> EXERCISE INSTRUCTIONS
Reproduce exactly the lines from the one containing "stateflow chart ErrorHandling_v2/RL_TX" through the last line of the records below, both included, and nothing else.
(Beginning of SOURCE MATERIAL)
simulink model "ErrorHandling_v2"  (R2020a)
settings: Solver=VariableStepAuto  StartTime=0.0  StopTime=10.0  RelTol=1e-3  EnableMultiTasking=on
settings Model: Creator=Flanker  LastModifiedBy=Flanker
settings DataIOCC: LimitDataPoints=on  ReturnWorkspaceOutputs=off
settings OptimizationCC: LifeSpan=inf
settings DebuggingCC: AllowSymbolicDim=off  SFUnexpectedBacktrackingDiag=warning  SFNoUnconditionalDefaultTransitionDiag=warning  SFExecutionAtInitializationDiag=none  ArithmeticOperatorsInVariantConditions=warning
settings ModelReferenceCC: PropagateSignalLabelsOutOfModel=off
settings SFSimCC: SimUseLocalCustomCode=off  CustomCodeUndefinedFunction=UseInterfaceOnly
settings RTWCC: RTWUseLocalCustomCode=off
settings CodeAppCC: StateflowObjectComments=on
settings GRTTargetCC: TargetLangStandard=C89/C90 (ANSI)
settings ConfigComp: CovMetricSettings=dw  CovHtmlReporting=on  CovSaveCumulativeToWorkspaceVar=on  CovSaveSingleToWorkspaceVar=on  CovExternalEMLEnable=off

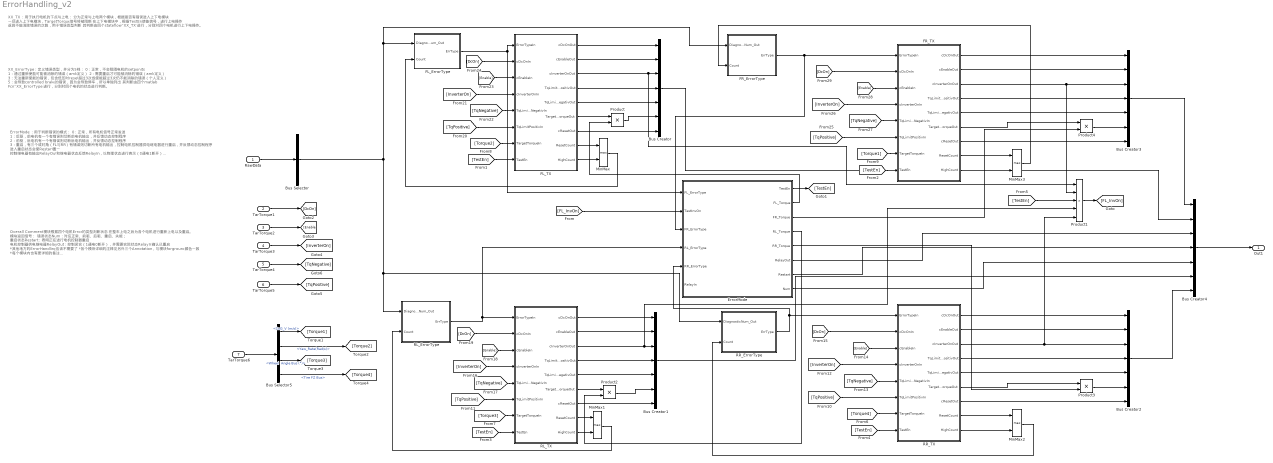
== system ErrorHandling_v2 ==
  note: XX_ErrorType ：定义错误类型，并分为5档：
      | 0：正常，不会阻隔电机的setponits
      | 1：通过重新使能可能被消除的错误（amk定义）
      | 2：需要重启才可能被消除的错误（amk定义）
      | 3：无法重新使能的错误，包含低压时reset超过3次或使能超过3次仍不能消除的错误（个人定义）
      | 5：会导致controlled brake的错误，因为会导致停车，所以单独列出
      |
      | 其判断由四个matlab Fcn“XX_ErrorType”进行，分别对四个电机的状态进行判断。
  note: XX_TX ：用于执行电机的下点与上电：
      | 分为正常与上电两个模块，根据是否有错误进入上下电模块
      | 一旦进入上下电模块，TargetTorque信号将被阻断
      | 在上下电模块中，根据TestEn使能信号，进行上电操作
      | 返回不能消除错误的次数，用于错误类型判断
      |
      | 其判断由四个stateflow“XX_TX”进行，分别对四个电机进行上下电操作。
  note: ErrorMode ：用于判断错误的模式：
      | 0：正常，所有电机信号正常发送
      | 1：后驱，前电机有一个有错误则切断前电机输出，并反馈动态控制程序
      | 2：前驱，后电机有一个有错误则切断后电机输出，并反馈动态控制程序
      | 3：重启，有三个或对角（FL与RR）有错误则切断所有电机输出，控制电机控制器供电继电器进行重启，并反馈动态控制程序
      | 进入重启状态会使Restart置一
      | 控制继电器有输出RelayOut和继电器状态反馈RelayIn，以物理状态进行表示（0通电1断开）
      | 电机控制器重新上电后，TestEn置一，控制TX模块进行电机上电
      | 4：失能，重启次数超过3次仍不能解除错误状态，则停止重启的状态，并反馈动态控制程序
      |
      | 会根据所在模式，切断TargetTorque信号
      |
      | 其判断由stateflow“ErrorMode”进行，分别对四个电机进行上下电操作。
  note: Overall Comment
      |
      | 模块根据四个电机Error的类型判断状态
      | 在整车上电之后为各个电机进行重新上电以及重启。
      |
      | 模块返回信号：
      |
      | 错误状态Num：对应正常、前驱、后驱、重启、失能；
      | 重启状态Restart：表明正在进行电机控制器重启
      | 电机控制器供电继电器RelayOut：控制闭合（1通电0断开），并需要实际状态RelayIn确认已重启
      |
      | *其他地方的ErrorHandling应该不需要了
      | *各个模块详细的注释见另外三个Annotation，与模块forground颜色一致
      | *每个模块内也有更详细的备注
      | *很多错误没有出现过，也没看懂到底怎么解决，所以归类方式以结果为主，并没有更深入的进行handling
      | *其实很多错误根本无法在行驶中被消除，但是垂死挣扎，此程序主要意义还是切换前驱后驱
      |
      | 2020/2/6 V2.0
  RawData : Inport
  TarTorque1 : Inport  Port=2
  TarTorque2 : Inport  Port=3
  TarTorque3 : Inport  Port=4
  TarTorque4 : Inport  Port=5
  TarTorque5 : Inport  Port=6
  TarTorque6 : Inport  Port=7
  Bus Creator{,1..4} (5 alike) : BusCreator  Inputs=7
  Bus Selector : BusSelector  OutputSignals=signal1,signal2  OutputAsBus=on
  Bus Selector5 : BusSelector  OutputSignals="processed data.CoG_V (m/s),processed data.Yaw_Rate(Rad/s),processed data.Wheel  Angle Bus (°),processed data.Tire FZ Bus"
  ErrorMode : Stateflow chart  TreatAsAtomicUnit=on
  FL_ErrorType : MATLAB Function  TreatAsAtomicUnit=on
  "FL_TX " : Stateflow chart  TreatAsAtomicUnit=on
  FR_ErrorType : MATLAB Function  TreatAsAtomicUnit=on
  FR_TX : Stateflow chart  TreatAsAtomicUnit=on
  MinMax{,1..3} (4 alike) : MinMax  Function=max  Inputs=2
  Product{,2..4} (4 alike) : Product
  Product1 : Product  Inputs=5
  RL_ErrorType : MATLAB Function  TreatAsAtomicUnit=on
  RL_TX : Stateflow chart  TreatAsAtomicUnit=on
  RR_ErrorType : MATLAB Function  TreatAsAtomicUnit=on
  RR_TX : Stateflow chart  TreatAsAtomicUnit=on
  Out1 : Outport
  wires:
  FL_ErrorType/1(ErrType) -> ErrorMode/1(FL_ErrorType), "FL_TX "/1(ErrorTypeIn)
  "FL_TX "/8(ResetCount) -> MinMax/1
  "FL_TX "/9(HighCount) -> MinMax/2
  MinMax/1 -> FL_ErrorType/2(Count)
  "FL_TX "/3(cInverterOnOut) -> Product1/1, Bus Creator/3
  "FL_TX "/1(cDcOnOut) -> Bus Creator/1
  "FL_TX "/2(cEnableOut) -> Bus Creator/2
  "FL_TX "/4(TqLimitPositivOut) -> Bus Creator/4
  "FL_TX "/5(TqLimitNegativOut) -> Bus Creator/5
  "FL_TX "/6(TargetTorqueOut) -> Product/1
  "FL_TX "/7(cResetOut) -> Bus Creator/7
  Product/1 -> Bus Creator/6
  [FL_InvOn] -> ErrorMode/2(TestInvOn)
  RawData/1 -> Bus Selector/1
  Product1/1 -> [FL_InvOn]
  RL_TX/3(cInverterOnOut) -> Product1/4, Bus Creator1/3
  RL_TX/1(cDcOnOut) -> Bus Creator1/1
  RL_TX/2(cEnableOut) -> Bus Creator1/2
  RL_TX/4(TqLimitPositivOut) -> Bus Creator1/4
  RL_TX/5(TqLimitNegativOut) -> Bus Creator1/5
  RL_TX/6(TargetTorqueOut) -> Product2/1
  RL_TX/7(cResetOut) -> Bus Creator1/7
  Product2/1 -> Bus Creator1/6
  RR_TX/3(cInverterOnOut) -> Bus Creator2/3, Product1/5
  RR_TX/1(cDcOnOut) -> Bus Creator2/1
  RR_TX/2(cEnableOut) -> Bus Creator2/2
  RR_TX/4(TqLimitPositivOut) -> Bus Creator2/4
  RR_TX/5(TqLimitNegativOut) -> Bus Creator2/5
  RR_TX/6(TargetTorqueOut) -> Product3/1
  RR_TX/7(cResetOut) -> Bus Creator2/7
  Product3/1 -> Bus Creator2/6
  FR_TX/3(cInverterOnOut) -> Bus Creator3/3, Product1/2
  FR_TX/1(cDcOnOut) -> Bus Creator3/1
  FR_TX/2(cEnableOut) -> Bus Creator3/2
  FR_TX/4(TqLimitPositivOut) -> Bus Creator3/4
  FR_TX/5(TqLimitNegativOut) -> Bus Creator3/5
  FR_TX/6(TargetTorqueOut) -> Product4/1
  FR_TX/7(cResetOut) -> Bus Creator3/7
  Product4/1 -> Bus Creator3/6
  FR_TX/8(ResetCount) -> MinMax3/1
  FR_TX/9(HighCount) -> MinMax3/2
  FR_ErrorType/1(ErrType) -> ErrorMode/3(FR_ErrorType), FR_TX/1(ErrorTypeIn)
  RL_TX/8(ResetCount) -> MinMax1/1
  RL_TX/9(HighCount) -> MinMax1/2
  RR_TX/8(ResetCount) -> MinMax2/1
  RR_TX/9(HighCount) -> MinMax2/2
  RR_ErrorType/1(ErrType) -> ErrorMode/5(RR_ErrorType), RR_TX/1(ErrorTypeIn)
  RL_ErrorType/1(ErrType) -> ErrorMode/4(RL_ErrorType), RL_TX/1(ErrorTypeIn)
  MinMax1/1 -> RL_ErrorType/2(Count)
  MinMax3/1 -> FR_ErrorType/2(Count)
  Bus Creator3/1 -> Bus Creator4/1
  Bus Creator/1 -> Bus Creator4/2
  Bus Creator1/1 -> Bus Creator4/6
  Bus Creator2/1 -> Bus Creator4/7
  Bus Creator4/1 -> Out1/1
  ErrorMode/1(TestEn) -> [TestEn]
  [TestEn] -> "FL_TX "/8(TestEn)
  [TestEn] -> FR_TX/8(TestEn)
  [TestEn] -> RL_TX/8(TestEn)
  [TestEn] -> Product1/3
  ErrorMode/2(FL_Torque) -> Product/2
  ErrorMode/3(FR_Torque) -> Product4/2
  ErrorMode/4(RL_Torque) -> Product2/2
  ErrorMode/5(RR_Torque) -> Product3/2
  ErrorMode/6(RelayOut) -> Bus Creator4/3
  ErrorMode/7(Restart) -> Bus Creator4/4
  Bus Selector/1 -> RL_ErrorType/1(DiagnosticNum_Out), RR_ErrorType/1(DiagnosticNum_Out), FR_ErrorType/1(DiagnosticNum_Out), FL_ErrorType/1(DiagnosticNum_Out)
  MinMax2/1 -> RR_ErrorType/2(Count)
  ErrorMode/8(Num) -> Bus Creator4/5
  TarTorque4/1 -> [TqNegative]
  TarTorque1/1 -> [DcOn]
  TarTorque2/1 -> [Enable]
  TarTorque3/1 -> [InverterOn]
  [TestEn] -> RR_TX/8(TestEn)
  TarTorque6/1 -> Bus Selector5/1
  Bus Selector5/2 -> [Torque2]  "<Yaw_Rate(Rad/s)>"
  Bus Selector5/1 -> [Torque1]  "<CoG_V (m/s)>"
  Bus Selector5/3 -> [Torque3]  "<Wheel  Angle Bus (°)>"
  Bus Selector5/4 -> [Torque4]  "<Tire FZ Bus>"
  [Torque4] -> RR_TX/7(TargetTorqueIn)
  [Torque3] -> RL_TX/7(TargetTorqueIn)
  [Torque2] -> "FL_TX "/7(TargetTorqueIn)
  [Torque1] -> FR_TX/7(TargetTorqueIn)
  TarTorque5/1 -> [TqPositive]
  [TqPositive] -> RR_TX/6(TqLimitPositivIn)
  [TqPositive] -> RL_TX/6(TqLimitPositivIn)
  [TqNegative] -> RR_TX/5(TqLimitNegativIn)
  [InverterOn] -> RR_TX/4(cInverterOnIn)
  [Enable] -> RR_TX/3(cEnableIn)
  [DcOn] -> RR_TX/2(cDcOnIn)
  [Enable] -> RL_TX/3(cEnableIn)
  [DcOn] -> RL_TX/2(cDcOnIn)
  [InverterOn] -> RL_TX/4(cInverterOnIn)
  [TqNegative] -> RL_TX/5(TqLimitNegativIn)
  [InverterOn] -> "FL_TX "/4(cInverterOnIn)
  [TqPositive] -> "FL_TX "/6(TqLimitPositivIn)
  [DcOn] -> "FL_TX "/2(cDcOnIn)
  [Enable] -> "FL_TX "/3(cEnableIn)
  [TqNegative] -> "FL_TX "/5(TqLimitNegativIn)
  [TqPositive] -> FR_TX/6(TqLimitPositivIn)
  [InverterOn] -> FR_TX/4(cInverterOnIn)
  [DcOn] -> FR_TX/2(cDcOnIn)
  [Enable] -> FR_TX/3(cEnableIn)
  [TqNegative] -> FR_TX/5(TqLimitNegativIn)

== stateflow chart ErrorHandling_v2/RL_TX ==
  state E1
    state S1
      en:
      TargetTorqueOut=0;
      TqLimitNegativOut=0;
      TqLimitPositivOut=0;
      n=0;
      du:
(End of SOURCE MATERIAL)
> THE ANSWER
== stateflow chart ErrorHandling_v2/RL_TX ==
  state E1
    state S1
      en:
      TargetTorqueOut=0;
      TqLimitNegativOut=0;
      TqLimitPositivOut=0;
      n=0;
      du:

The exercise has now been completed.